A joint is a break(fracture) of natural origin in the continuity of either a layer or body of rock that lacks any visible or measurable movement parallel to the surface(plane) of the fracture.
A joint set is a family of parallel, evenly spaced joints that can be identified through mapping and analysis of the orientations, spacing, and physical properties. A joint system consists of two or more interlocking joint sets.
Causes of Joints in Geological strata
- Joints results from brittle fracture of a rock body.
- As a result of tensile stresses
- The rise of pore fluid pressure as the result of either external compression or fluid injection
- The result of internal stresses induced by the shrinkage caused by the cooling.
Classification of Joints
Joints are classified on the following bases:
- Tensional joint: This is a shrinkage joint
- Shear Joint: This joint is developed from the sliding history of geological strata
- Tectonic joint: Joints developed from tectonic activities and categorized according to attitude of beds.
- Strike joint: Joints strike in the same direction of the rock formation
- Dip joint: Joint strike parallel to the dip of the rock formation.
- Oblique/diagonal joint: The strike of the joint makes an inclined angle with the strike of the rock formation.
Significance of Joints
- To understand the nature and sequence of deformation in an area.
- Joints commonly control the drainage pattern of the area.
- May act as aquifers or reservoirs in rocks for oil or natural gas or groundwater.
- Help to find out the brittle deformation in an area of construction (dams, bridges, road, building, and power plants).
- In mineral exploration, finding out the trend and type of fractures and joints that host mineralization that will help in the exploration.
- Joints play a great role in soil formation through chemical (decomposition), physical (disintegration), and biological weathering.
- It lowers the stability of the land.
Differences between faults, folds, and Joints
Here are some major differences between fault, fold and joints:
- The fold is permanent wavelike deformation in layered rock or sediment, fault is a fracture in bedrock along which rocks on one side have moved relative to the other side whereas a joint is a fracture on a rock without noticeable movement.
- Joints and faults are types of fractures.

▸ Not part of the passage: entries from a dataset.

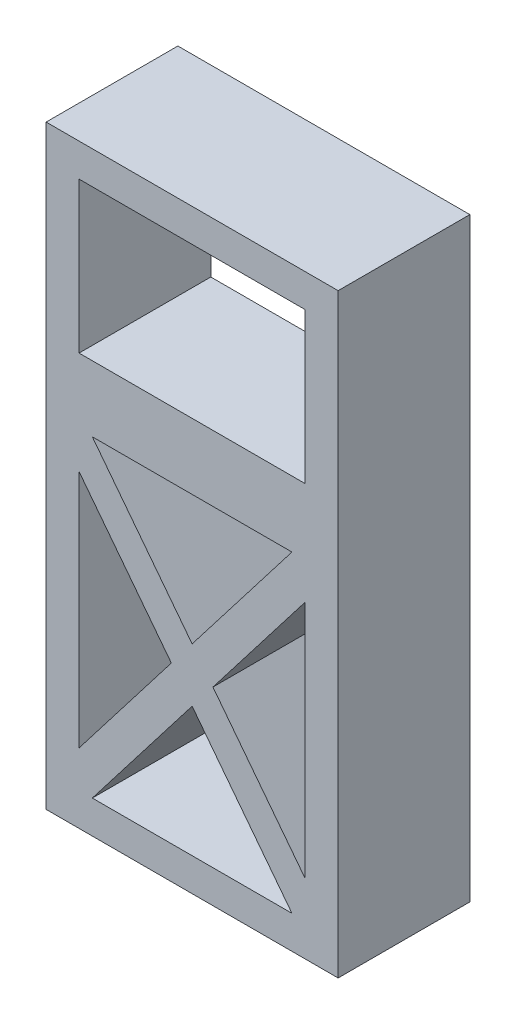
ISO-10303-21;
HEADER;
FILE_DESCRIPTION(('STEP AP214'),'2;1');
FILE_NAME('part.step','',(''),(''),'','','');
FILE_SCHEMA(('AUTOMOTIVE_DESIGN { 1 0 10303 214 1 1 1 1 }'));
ENDSEC;
DATA;
#1=APPLICATION_CONTEXT('core data for automotive mechanical design processes');
#2=APPLICATION_PROTOCOL_DEFINITION('international standard','automotive_design',2000,#1);
#3=PRODUCT_CONTEXT('',#1,'mechanical');
#4=PRODUCT('Part','Part','',(#3));
#5=PRODUCT_RELATED_PRODUCT_CATEGORY('part','',(#4));
#6=PRODUCT_DEFINITION_FORMATION('','',#4);
#7=PRODUCT_DEFINITION_CONTEXT('part definition',#1,'design');
#8=PRODUCT_DEFINITION('design','',#6,#7);
#9=PRODUCT_DEFINITION_SHAPE('','',#8);
#10=(LENGTH_UNIT() NAMED_UNIT(*) SI_UNIT(.MILLI.,.METRE.));
#11=(NAMED_UNIT(*) PLANE_ANGLE_UNIT() SI_UNIT($,.RADIAN.));
#12=(NAMED_UNIT(*) SI_UNIT($,.STERADIAN.) SOLID_ANGLE_UNIT());
#13=UNCERTAINTY_MEASURE_WITH_UNIT(LENGTH_MEASURE(1.E-05),#10,'distance_accuracy_value','');
#14=(GEOMETRIC_REPRESENTATION_CONTEXT(3) GLOBAL_UNCERTAINTY_ASSIGNED_CONTEXT((#13)) GLOBAL_UNIT_ASSIGNED_CONTEXT((#10,
#11,#12)) REPRESENTATION_CONTEXT('',''));
#15=CARTESIAN_POINT('',(0.,0.,0.));
#16=DIRECTION('',(0.,0.,1.));
#17=DIRECTION('',(1.,0.,0.));
#18=AXIS2_PLACEMENT_3D('',#15,#16,#17);
#19=CARTESIAN_POINT('',(0.,0.,25.4));
#20=DIRECTION('',(0.,0.,-1.));
#21=DIRECTION('',(-1.,0.,0.));
#22=AXIS2_PLACEMENT_3D('',#19,#20,#21);
#23=PLANE('',#22);
#24=DIRECTION('',(-0.610575177690363,0.791958302177824,0.));
#25=VECTOR('',#24,1.);
#26=CARTESIAN_POINT('',(0.,-62.587514897689,25.4));
#27=LINE('',#26,#25);
#28=CARTESIAN_POINT('',(19.245298338527,-87.550000033,25.4));
#29=VERTEX_POINT('',#28);
#30=CARTESIAN_POINT('',(0.,-62.587514897689,25.4));
#31=VERTEX_POINT('',#30);
#32=EDGE_CURVE('E197',#29,#31,#27,.T.);
#33=ORIENTED_EDGE('',*,*,#32,.F.);
#34=DIRECTION('',(1.,0.,0.));
#35=VECTOR('',#34,1.);
#36=CARTESIAN_POINT('',(19.245298338527,-87.550000033,25.4));
#37=LINE('',#36,#35);
#38=CARTESIAN_POINT('',(-19.245298338527,-87.550000033,25.4));
#39=VERTEX_POINT('',#38);
#40=EDGE_CURVE('E203',#39,#29,#37,.T.);
#41=ORIENTED_EDGE('',*,*,#40,.F.);
#42=DIRECTION('',(-0.610575177690363,-0.791958302177824,0.));
#43=VECTOR('',#42,1.);
#44=CARTESIAN_POINT('',(0.,-62.587514897689,25.4));
#45=LINE('',#44,#43);
#46=EDGE_CURVE('E199',#31,#39,#45,.T.);
#47=ORIENTED_EDGE('',*,*,#46,.F.);
#48=EDGE_LOOP('',(#33,#41,#47));
#49=FACE_BOUND('',#48,.T.);
#50=DIRECTION('',(0.610575177690363,0.791958302177824,0.));
#51=VECTOR('',#50,1.);
#52=CARTESIAN_POINT('',(19.245298338527,-27.225000033,25.4));
#53=LINE('',#52,#51);
#54=CARTESIAN_POINT('',(0.,-52.187485168311,25.4));
#55=VERTEX_POINT('',#54);
#56=CARTESIAN_POINT('',(19.245298338527,-27.225000033,25.4));
#57=VERTEX_POINT('',#56);
#58=EDGE_CURVE('E245',#55,#57,#53,.T.);
#59=ORIENTED_EDGE('',*,*,#58,.F.);
#60=DIRECTION('',(0.610575177690363,-0.791958302177824,0.));
#61=VECTOR('',#60,1.);
#62=CARTESIAN_POINT('',(-19.245298338527,-27.225000033,25.4));
#63=LINE('',#62,#61);
#64=CARTESIAN_POINT('',(-19.245298338527,-27.225000033,25.4));
#65=VERTEX_POINT('',#64);
#66=EDGE_CURVE('E251',#65,#55,#63,.T.);
#67=ORIENTED_EDGE('',*,*,#66,.F.);
#68=DIRECTION('',(-1.,0.,0.));
#69=VECTOR('',#68,1.);
#70=CARTESIAN_POINT('',(-19.245298338527,-27.225000033,25.4));
#71=LINE('',#70,#69);
#72=EDGE_CURVE('E247',#57,#65,#71,.T.);
#73=ORIENTED_EDGE('',*,*,#72,.F.);
#74=EDGE_LOOP('',(#59,#67,#73));
#75=FACE_BOUND('',#74,.T.);
#76=DIRECTION('',(0.,1.,0.));
#77=VECTOR('',#76,1.);
#78=CARTESIAN_POINT('',(28.149999961,-20.875000033,25.4));
#79=LINE('',#78,#77);
#80=CARTESIAN_POINT('',(28.149999961,-93.900000033,25.4));
#81=VERTEX_POINT('',#80);
#82=CARTESIAN_POINT('',(28.149999961,20.875000033,25.4));
#83=VERTEX_POINT('',#82);
#84=EDGE_CURVE('E300',#81,#83,#79,.T.);
#85=ORIENTED_EDGE('',*,*,#84,.T.);
#86=DIRECTION('',(-1.,0.,0.));
#87=VECTOR('',#86,1.);
#88=CARTESIAN_POINT('',(-28.149999961,20.875000033,25.4));
#89=LINE('',#88,#87);
#90=CARTESIAN_POINT('',(-28.149999961,20.875000033,25.4));
#91=VERTEX_POINT('',#90);
#92=EDGE_CURVE('E303',#83,#91,#89,.T.);
#93=ORIENTED_EDGE('',*,*,#92,.T.);
#94=DIRECTION('',(0.,-1.,0.));
#95=VECTOR('',#94,1.);
#96=CARTESIAN_POINT('',(-28.149999961,-20.875000033,25.4));
#97=LINE('',#96,#95);
#98=CARTESIAN_POINT('',(-28.149999961,-93.900000033,25.4));
#99=VERTEX_POINT('',#98);
#100=EDGE_CURVE('E306',#91,#99,#97,.T.);
#101=ORIENTED_EDGE('',*,*,#100,.T.);
#102=DIRECTION('',(1.,0.,0.));
#103=VECTOR('',#102,1.);
#104=CARTESIAN_POINT('',(-28.149999961,-93.900000033,25.4));
#105=LINE('',#104,#103);
#106=EDGE_CURVE('E308',#99,#81,#105,.T.);
#107=ORIENTED_EDGE('',*,*,#106,.T.);
#108=EDGE_LOOP('',(#85,#93,#101,#107));
#109=FACE_BOUND('',#108,.T.);
#110=DIRECTION('',(0.,1.,0.));
#111=VECTOR('',#110,1.);
#112=CARTESIAN_POINT('',(21.799999961,14.525000033,25.4));
#113=LINE('',#112,#111);
#114=CARTESIAN_POINT('',(21.799999961,-14.525000033,25.4));
#115=VERTEX_POINT('',#114);
#116=CARTESIAN_POINT('',(21.799999961,14.525000033,25.4));
#117=VERTEX_POINT('',#116);
#118=EDGE_CURVE('E269',#115,#117,#113,.T.);
#119=ORIENTED_EDGE('',*,*,#118,.F.);
#120=DIRECTION('',(1.,0.,0.));
#121=VECTOR('',#120,1.);
#122=CARTESIAN_POINT('',(-21.799999961,-14.525000033,25.4));
#123=LINE('',#122,#121);
#124=CARTESIAN_POINT('',(-21.799999961,-14.525000033,25.4));
#125=VERTEX_POINT('',#124);
#126=EDGE_CURVE('E277',#125,#115,#123,.T.);
#127=ORIENTED_EDGE('',*,*,#126,.F.);
#128=DIRECTION('',(0.,-1.,0.));
#129=VECTOR('',#128,1.);
#130=CARTESIAN_POINT('',(-21.799999961,14.525000033,25.4));
#131=LINE('',#130,#129);
#132=CARTESIAN_POINT('',(-21.799999961,14.525000033,25.4));
#133=VERTEX_POINT('',#132);
#134=EDGE_CURVE('E274',#133,#125,#131,.T.);
#135=ORIENTED_EDGE('',*,*,#134,.F.);
#136=DIRECTION('',(-1.,0.,0.));
#137=VECTOR('',#136,1.);
#138=CARTESIAN_POINT('',(-21.799999961,14.525000033,25.4));
#139=LINE('',#138,#137);
#140=EDGE_CURVE('E271',#117,#133,#139,.T.);
#141=ORIENTED_EDGE('',*,*,#140,.F.);
#142=EDGE_LOOP('',(#119,#127,#135,#141));
#143=FACE_BOUND('',#142,.T.);
#144=DIRECTION('',(0.610575177690363,-0.791958302177824,0.));
#145=VECTOR('',#144,1.);
#146=CARTESIAN_POINT('',(4.00904945534255,-57.387500033,25.4));
#147=LINE('',#146,#145);
#148=CARTESIAN_POINT('',(4.00904945534255,-57.387500033,25.4));
#149=VERTEX_POINT('',#148);
#150=CARTESIAN_POINT('',(21.799999961,-80.463595281234,25.4));
#151=VERTEX_POINT('',#150);
#152=EDGE_CURVE('E221',#149,#151,#147,.T.);
#153=ORIENTED_EDGE('',*,*,#152,.F.);
#154=DIRECTION('',(-0.610575177690362,-0.791958302177824,0.));
#155=VECTOR('',#154,1.);
#156=CARTESIAN_POINT('',(21.799999961,-34.311404784766,25.4));
#157=LINE('',#156,#155);
#158=CARTESIAN_POINT('',(21.799999961,-34.311404784766,25.4));
#159=VERTEX_POINT('',#158);
#160=EDGE_CURVE('E227',#159,#149,#157,.T.);
#161=ORIENTED_EDGE('',*,*,#160,.F.);
#162=DIRECTION('',(0.,1.,0.));
#163=VECTOR('',#162,1.);
#164=CARTESIAN_POINT('',(21.799999961,-34.311404784766,25.4));
#165=LINE('',#164,#163);
#166=EDGE_CURVE('E223',#151,#159,#165,.T.);
#167=ORIENTED_EDGE('',*,*,#166,.F.);
#168=EDGE_LOOP('',(#153,#161,#167));
#169=FACE_BOUND('',#168,.T.);
#170=DIRECTION('',(-0.610575177690363,0.791958302177824,0.));
#171=VECTOR('',#170,1.);
#172=CARTESIAN_POINT('',(-21.799999961,-34.311404784766,25.4));
#173=LINE('',#172,#171);
#174=CARTESIAN_POINT('',(-4.00904945534252,-57.387500033,25.4));
#175=VERTEX_POINT('',#174);
#176=CARTESIAN_POINT('',(-21.799999961,-34.311404784766,25.4));
#177=VERTEX_POINT('',#176);
#178=EDGE_CURVE('E170',#175,#177,#173,.T.);
#179=ORIENTED_EDGE('',*,*,#178,.F.);
#180=DIRECTION('',(0.610575177690362,0.791958302177825,0.));
#181=VECTOR('',#180,1.);
#182=CARTESIAN_POINT('',(-4.00904945534252,-57.387500033,25.4));
#183=LINE('',#182,#181);
#184=CARTESIAN_POINT('',(-21.799999961,-80.463595281234,25.4));
#185=VERTEX_POINT('',#184);
#186=EDGE_CURVE('E187',#185,#175,#183,.T.);
#187=ORIENTED_EDGE('',*,*,#186,.F.);
#188=DIRECTION('',(0.,-1.,0.));
#189=VECTOR('',#188,1.);
#190=CARTESIAN_POINT('',(-21.799999961,-80.463595281234,25.4));
#191=LINE('',#190,#189);
#192=EDGE_CURVE('E178',#177,#185,#191,.T.);
#193=ORIENTED_EDGE('',*,*,#192,.F.);
#194=EDGE_LOOP('',(#179,#187,#193));
#195=FACE_BOUND('',#194,.T.);
#196=ADVANCED_FACE('F33',(#49,#75,#109,#143,#169,#195),#23,.F.);
#197=CARTESIAN_POINT('',(0.,0.,0.));
#198=DIRECTION('',(0.,0.,-1.));
#199=DIRECTION('',(-1.,0.,0.));
#200=AXIS2_PLACEMENT_3D('',#197,#198,#199);
#201=PLANE('',#200);
#202=DIRECTION('',(-1.,0.,0.));
#203=VECTOR('',#202,1.);
#204=CARTESIAN_POINT('',(-28.149999961,20.875000033,0.));
#205=LINE('',#204,#203);
#206=CARTESIAN_POINT('',(28.149999961,20.875000033,0.));
#207=VERTEX_POINT('',#206);
#208=CARTESIAN_POINT('',(-28.149999961,20.875000033,0.));
#209=VERTEX_POINT('',#208);
#210=EDGE_CURVE('E299',#207,#209,#205,.T.);
#211=ORIENTED_EDGE('',*,*,#210,.F.);
#212=DIRECTION('',(0.,1.,0.));
#213=VECTOR('',#212,1.);
#214=CARTESIAN_POINT('',(28.149999961,-20.875000033,0.));
#215=LINE('',#214,#213);
#216=CARTESIAN_POINT('',(28.149999961,-93.900000033,0.));
#217=VERTEX_POINT('',#216);
#218=EDGE_CURVE('E304',#217,#207,#215,.T.);
#219=ORIENTED_EDGE('',*,*,#218,.F.);
#220=DIRECTION('',(1.,0.,0.));
#221=VECTOR('',#220,1.);
#222=CARTESIAN_POINT('',(-28.149999961,-93.900000033,0.));
#223=LINE('',#222,#221);
#224=CARTESIAN_POINT('',(-28.149999961,-93.900000033,0.));
#225=VERTEX_POINT('',#224);
#226=EDGE_CURVE('E316',#225,#217,#223,.T.);
#227=ORIENTED_EDGE('',*,*,#226,.F.);
#228=DIRECTION('',(0.,-1.,0.));
#229=VECTOR('',#228,1.);
#230=CARTESIAN_POINT('',(-28.149999961,-20.875000033,0.));
#231=LINE('',#230,#229);
#232=EDGE_CURVE('E314',#209,#225,#231,.T.);
#233=ORIENTED_EDGE('',*,*,#232,.F.);
#234=EDGE_LOOP('',(#211,#219,#227,#233));
#235=FACE_BOUND('',#234,.T.);
#236=DIRECTION('',(1.,0.,0.));
#237=VECTOR('',#236,1.);
#238=CARTESIAN_POINT('',(-21.799999961,-14.525000033,0.));
#239=LINE('',#238,#237);
#240=CARTESIAN_POINT('',(-21.799999961,-14.525000033,0.));
#241=VERTEX_POINT('',#240);
#242=CARTESIAN_POINT('',(21.799999961,-14.525000033,0.));
#243=VERTEX_POINT('',#242);
#244=EDGE_CURVE('E272',#241,#243,#239,.T.);
#245=ORIENTED_EDGE('',*,*,#244,.T.);
#246=DIRECTION('',(0.,1.,0.));
#247=VECTOR('',#246,1.);
#248=CARTESIAN_POINT('',(21.799999961,14.525000033,0.));
#249=LINE('',#248,#247);
#250=CARTESIAN_POINT('',(21.799999961,14.525000033,0.));
#251=VERTEX_POINT('',#250);
#252=EDGE_CURVE('E268',#243,#251,#249,.T.);
#253=ORIENTED_EDGE('',*,*,#252,.T.);
#254=DIRECTION('',(-1.,0.,0.));
#255=VECTOR('',#254,1.);
#256=CARTESIAN_POINT('',(-21.799999961,14.525000033,0.));
#257=LINE('',#256,#255);
#258=CARTESIAN_POINT('',(-21.799999961,14.525000033,0.));
#259=VERTEX_POINT('',#258);
#260=EDGE_CURVE('E282',#251,#259,#257,.T.);
#261=ORIENTED_EDGE('',*,*,#260,.T.);
#262=DIRECTION('',(0.,-1.,0.));
#263=VECTOR('',#262,1.);
#264=CARTESIAN_POINT('',(-21.799999961,14.525000033,0.));
#265=LINE('',#264,#263);
#266=EDGE_CURVE('E285',#259,#241,#265,.T.);
#267=ORIENTED_EDGE('',*,*,#266,.T.);
#268=EDGE_LOOP('',(#245,#253,#261,#267));
#269=FACE_BOUND('',#268,.T.);
#270=DIRECTION('',(0.610575177690363,-0.791958302177824,0.));
#271=VECTOR('',#270,1.);
#272=CARTESIAN_POINT('',(-19.245298338527,-27.225000033,0.));
#273=LINE('',#272,#271);
#274=CARTESIAN_POINT('',(-19.245298338527,-27.225000033,0.));
#275=VERTEX_POINT('',#274);
#276=CARTESIAN_POINT('',(0.,-52.187485168311,0.));
#277=VERTEX_POINT('',#276);
#278=EDGE_CURVE('E248',#275,#277,#273,.T.);
#279=ORIENTED_EDGE('',*,*,#278,.T.);
#280=DIRECTION('',(0.610575177690363,0.791958302177824,0.));
#281=VECTOR('',#280,1.);
#282=CARTESIAN_POINT('',(19.245298338527,-27.225000033,0.));
#283=LINE('',#282,#281);
#284=CARTESIAN_POINT('',(19.245298338527,-27.225000033,0.));
#285=VERTEX_POINT('',#284);
#286=EDGE_CURVE('E244',#277,#285,#283,.T.);
#287=ORIENTED_EDGE('',*,*,#286,.T.);
#288=DIRECTION('',(-1.,0.,0.));
#289=VECTOR('',#288,1.);
#290=CARTESIAN_POINT('',(-19.245298338527,-27.225000033,0.));
#291=LINE('',#290,#289);
#292=EDGE_CURVE('E256',#285,#275,#291,.T.);
#293=ORIENTED_EDGE('',*,*,#292,.T.);
#294=EDGE_LOOP('',(#279,#287,#293));
#295=FACE_BOUND('',#294,.T.);
#296=DIRECTION('',(-0.610575177690362,-0.791958302177824,0.));
#297=VECTOR('',#296,1.);
#298=CARTESIAN_POINT('',(21.799999961,-34.311404784766,0.));
#299=LINE('',#298,#297);
#300=CARTESIAN_POINT('',(21.799999961,-34.311404784766,0.));
#301=VERTEX_POINT('',#300);
#302=CARTESIAN_POINT('',(4.00904945534256,-57.387500033,0.));
#303=VERTEX_POINT('',#302);
#304=EDGE_CURVE('E224',#301,#303,#299,.T.);
#305=ORIENTED_EDGE('',*,*,#304,.T.);
#306=DIRECTION('',(0.610575177690363,-0.791958302177824,0.));
#307=VECTOR('',#306,1.);
#308=CARTESIAN_POINT('',(4.00904945534255,-57.387500033,0.));
#309=LINE('',#308,#307);
#310=CARTESIAN_POINT('',(21.799999961,-80.463595281234,0.));
#311=VERTEX_POINT('',#310);
#312=EDGE_CURVE('E220',#303,#311,#309,.T.);
#313=ORIENTED_EDGE('',*,*,#312,.T.);
#314=DIRECTION('',(0.,1.,0.));
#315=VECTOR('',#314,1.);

A joint is a fracture along which no movement has taken place, usually caused by tensional forces. A fault is a fracture or breaks in the rock along which movement has taken place. One might expect more earthquakes to occur near faults.
- The results of stress are folding and faulting. When a rock has stress put on it and does not break it is called folding. Folds appear as wave-like structures in rock layers. Some folds are small and can be seen in individual rocks and some folds are huge and can only be seen from the air.
- Folds typically occur in hotter rocks as this makes them more bendy/ ductile.